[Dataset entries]
===
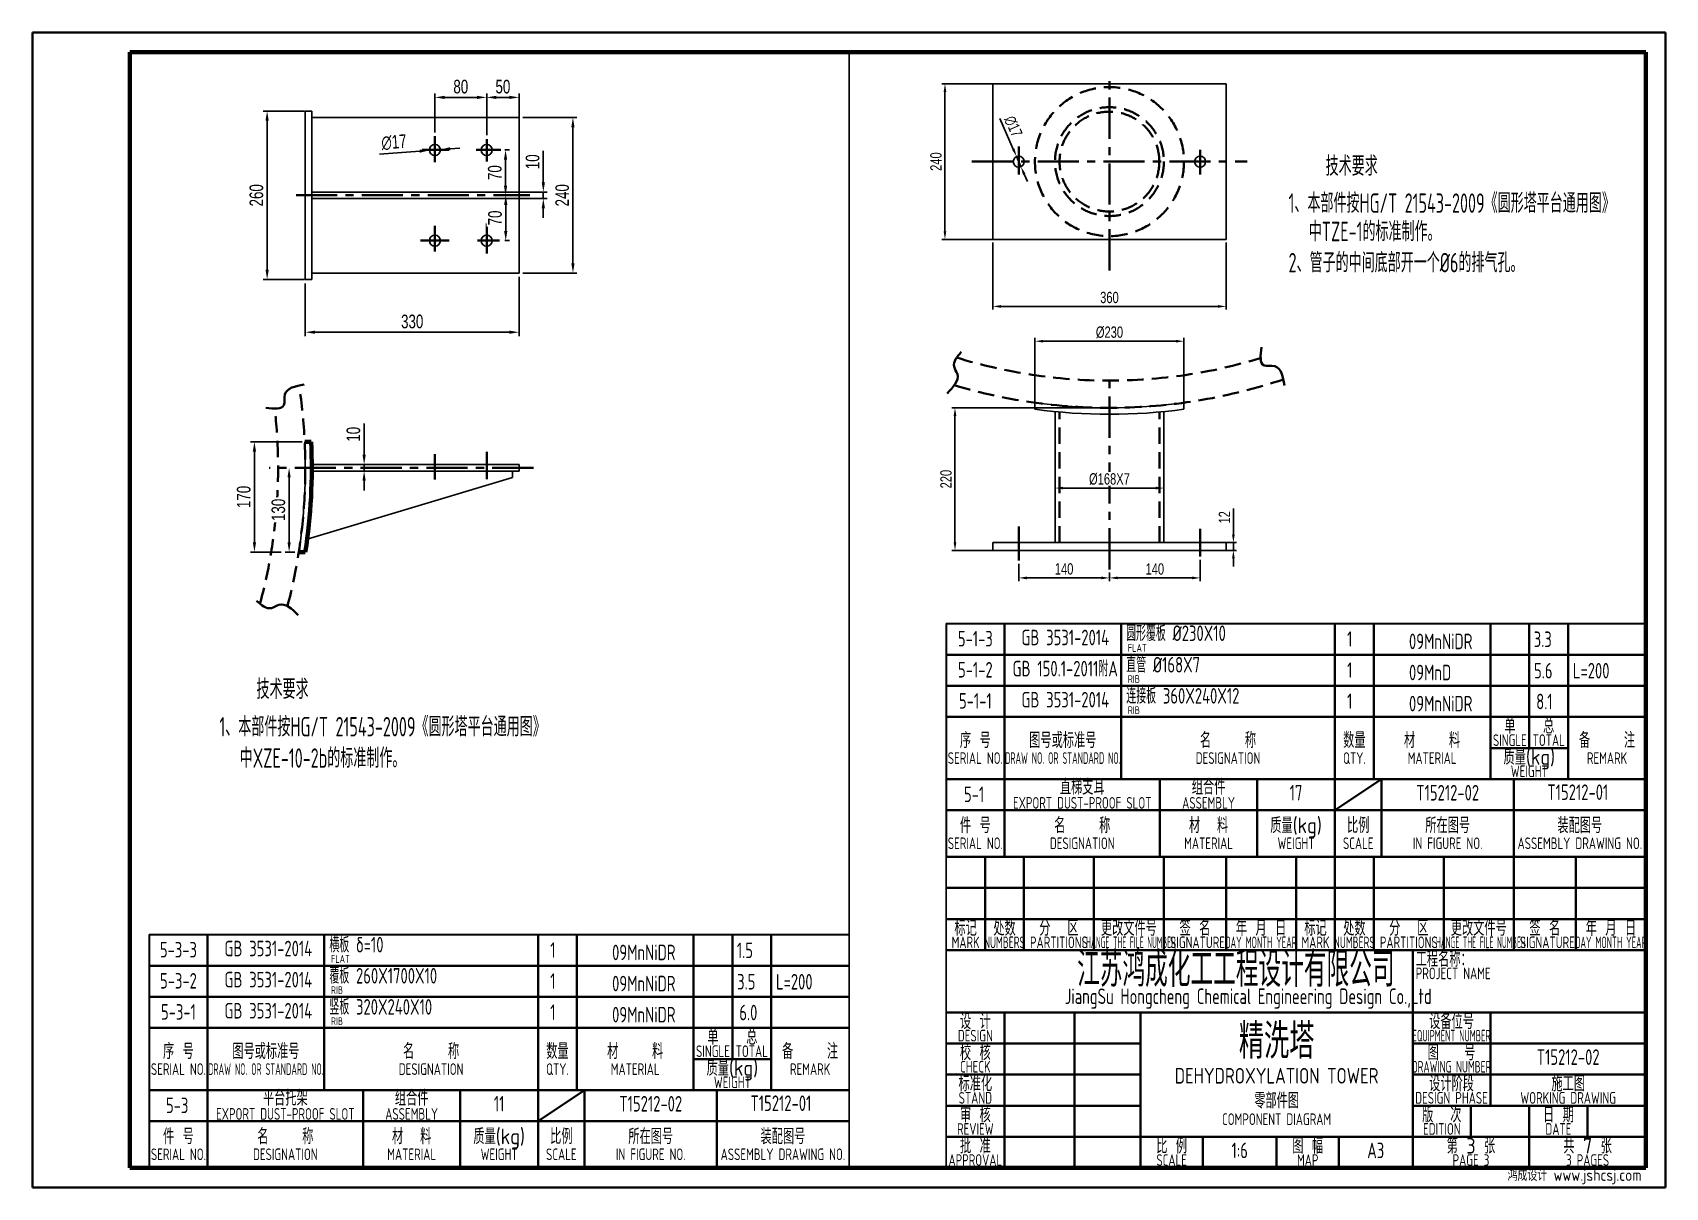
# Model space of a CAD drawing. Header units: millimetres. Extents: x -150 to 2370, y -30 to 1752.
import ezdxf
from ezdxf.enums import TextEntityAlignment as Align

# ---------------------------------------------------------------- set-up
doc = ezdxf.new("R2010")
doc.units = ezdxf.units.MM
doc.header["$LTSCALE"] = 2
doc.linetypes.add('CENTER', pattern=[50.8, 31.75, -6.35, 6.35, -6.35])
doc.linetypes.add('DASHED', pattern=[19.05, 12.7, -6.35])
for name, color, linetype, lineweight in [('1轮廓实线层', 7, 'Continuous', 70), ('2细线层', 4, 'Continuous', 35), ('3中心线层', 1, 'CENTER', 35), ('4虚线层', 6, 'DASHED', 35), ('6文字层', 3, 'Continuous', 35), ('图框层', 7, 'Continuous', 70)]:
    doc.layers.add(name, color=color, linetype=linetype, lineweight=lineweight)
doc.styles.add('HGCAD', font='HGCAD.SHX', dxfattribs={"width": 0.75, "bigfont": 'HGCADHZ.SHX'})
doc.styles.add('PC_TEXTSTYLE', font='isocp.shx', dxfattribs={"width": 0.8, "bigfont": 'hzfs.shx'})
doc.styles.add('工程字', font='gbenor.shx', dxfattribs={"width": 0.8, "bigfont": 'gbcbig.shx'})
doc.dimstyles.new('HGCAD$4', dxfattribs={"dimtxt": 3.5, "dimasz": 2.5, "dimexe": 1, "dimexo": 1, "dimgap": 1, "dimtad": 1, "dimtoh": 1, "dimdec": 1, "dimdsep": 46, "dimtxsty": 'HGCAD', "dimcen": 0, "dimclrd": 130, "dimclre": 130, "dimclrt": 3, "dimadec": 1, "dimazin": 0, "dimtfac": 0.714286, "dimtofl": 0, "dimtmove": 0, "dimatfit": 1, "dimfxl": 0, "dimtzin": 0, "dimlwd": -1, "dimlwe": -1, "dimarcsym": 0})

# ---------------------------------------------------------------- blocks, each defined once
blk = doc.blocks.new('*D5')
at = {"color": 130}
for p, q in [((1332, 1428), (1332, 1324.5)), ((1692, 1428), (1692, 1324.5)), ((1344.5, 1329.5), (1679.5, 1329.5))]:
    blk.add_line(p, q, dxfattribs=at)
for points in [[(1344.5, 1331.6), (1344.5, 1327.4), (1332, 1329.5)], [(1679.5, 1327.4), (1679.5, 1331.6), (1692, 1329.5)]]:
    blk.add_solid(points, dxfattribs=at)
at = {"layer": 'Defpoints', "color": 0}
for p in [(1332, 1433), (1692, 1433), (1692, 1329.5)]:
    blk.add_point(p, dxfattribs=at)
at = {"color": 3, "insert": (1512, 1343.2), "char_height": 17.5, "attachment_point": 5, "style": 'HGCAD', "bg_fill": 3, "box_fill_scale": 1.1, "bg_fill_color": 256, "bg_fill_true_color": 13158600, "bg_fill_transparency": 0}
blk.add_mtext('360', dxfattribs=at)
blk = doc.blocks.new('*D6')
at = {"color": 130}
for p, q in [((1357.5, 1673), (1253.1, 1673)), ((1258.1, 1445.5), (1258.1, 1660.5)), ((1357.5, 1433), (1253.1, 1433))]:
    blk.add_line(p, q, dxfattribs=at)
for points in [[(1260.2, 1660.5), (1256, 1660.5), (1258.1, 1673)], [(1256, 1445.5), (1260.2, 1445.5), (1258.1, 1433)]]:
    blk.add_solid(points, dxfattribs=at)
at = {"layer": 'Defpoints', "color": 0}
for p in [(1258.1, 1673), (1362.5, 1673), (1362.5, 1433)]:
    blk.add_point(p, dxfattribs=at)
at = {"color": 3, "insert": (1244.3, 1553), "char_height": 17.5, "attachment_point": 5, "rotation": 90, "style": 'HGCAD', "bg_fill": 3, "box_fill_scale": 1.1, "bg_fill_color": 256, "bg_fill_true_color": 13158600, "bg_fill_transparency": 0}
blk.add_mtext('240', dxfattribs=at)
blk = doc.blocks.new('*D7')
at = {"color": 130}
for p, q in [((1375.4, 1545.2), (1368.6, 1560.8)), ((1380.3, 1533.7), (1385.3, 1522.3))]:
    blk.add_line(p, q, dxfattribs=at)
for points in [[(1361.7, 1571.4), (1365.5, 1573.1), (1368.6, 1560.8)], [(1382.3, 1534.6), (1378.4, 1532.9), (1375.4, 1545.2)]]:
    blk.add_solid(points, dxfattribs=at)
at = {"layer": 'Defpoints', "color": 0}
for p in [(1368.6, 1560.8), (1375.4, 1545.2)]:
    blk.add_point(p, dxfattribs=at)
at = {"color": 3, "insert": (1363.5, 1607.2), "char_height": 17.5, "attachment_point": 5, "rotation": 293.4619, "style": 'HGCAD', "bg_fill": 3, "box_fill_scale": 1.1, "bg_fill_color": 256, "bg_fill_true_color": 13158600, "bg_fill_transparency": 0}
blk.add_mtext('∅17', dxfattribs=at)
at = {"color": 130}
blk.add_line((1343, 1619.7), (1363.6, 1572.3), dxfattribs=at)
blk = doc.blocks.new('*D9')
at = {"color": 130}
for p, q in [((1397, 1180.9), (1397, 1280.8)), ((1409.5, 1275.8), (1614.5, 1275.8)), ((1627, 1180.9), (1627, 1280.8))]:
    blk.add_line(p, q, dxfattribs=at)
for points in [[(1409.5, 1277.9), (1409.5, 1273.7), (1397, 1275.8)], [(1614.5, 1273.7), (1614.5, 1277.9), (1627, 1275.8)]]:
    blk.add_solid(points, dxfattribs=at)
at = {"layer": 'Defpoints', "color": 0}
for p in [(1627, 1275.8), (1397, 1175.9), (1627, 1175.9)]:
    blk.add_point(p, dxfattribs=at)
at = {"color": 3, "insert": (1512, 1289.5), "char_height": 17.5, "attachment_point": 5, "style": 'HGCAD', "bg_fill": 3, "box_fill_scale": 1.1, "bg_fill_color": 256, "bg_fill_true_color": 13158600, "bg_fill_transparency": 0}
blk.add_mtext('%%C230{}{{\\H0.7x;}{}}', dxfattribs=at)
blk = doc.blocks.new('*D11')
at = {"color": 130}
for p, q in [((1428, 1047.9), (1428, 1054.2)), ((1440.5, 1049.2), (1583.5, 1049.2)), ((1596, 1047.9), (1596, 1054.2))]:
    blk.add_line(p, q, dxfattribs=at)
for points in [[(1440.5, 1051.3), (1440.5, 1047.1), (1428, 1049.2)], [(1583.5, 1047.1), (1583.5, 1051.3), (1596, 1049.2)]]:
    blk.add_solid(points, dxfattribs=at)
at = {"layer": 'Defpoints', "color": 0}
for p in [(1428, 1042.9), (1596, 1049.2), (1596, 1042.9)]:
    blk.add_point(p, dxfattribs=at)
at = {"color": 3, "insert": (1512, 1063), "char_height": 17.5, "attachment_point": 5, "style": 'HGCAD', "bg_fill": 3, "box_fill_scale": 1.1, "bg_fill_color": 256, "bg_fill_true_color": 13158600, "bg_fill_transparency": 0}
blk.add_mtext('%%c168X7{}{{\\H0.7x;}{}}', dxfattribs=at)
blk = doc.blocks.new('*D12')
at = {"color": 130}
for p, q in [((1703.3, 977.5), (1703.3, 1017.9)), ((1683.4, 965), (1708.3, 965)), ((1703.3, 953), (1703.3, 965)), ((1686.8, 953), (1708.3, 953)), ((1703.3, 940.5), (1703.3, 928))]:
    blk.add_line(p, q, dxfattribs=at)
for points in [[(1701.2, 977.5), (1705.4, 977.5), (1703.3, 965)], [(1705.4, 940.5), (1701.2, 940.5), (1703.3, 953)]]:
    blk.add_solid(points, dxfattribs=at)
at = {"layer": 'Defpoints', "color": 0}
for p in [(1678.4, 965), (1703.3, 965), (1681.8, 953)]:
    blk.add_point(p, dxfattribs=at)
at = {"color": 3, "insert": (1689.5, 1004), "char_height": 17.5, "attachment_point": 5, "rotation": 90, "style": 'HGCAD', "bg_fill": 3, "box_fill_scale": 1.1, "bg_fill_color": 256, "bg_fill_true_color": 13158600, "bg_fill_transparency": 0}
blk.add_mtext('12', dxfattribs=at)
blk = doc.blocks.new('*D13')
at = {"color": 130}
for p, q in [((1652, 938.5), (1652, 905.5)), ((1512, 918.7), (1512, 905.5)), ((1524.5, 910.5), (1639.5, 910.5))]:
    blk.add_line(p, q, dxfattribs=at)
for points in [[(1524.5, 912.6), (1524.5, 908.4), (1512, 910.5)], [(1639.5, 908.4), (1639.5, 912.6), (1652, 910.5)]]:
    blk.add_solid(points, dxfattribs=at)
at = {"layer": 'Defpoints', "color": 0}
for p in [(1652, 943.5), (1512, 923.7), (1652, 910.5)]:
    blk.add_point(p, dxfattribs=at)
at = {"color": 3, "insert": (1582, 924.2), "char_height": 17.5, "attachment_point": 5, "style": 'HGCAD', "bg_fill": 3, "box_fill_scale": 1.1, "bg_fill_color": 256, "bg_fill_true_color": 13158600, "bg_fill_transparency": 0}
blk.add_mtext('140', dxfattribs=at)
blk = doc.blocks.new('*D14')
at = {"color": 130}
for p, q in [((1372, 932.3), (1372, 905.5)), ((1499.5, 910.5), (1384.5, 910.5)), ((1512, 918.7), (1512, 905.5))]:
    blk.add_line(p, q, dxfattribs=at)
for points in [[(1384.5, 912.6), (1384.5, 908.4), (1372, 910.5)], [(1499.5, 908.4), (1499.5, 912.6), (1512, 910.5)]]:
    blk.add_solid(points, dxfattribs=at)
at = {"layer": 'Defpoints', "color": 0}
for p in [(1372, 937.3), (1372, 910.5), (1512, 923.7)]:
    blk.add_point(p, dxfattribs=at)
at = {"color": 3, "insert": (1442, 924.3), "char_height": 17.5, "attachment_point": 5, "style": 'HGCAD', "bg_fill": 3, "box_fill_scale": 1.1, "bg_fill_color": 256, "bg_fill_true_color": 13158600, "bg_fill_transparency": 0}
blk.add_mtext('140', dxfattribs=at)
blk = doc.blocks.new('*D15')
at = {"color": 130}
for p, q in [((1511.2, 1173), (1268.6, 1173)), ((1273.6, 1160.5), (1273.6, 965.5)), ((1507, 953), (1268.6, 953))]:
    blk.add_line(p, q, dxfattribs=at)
===
■ **What the exercise asks**: Taking the entries as a whole, work out how many lines contain the string "ezdxf". Respond with only the number.

■ **Exercise output**: 4